18.04.2012
Charities up in alms
George Osborne's tax changes have been criticised for threatening charity in this country - if only, laments Paul Demarty
It is usually a pleasure and a delight to see government ministers squirm - especially those of the (ahem) calibre of George Osborne.
Yet the latest howls of outrage, accusations of rank incompetence and demands for a u-turn leave a somewhat sour taste in the mouth - certainly when compared with the savoury charms of ‘pastygate’. The relevant matter, of course, is the chancellor’s stated intention to restrict the amount of money one can write off one’s taxes by donating it to charity. All manner of vested interests - from funding-starved arts groups to elite universities, to major charities of all kinds - are climbing over each other to stick the knife in.
The charities themselves are concerned, supposedly, that Osborne’s rhetoric about tax avoidance will ring out as an attack on charitable giving itself. The universities of Oxford and Cambridge claim that their elite status relies to a large extent on charitable donations from wealthy alumni - much the same complaint is made by the likes of the National Theatre.
Most of these complaints have some truth to them. It genuinely is the case that elite universities are funded to a considerable extent by financial support from alumni - and generally those alumni who have done best out of their degree. As for arts organisations, they have already found themselves far more reliant on donations, thanks to arts council budget cuts.
What a carve-up
So the government has hinted at backtracking - all the great and the good of the political class have been in full fulmination mode as to the virtues of charity, and David Cameron has ‘clarified’ that the policy was designed to target the slightly dubious practice of the rich donating money to ‘foreign’ charities that were, in effect, scams to avoid tax.

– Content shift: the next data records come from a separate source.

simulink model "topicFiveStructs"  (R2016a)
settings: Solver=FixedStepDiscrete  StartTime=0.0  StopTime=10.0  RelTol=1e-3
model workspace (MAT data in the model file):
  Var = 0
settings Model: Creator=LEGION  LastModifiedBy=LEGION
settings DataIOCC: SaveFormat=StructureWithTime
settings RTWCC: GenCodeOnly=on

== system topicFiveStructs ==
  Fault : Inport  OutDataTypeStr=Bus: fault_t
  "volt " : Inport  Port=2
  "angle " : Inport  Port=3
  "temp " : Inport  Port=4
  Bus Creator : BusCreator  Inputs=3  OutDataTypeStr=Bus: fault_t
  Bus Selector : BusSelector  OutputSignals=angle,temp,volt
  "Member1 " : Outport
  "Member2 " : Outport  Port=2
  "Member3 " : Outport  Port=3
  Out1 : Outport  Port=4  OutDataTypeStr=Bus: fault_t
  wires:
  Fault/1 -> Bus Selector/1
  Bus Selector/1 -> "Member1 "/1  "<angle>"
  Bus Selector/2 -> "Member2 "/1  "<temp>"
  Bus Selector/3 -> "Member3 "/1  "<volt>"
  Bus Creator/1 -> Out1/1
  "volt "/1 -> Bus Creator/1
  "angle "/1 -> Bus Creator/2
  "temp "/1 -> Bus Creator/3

To demonstrate how this works - and equally to puncture the sniffy chauvinism about dodgy ‘foreign’ charities - where better to turn than David Cameron’s own hallowed circle? The second most recent individual (by my count, although it really is getting difficult to keep track) to be ejected from Cameron’s clique of advisors and corrupt chums in abject disgrace was Emma Harrison, head honcho of public sector ‘workfare’ company A4e until she was forced to resign from that as well (she remains the primary shareholder).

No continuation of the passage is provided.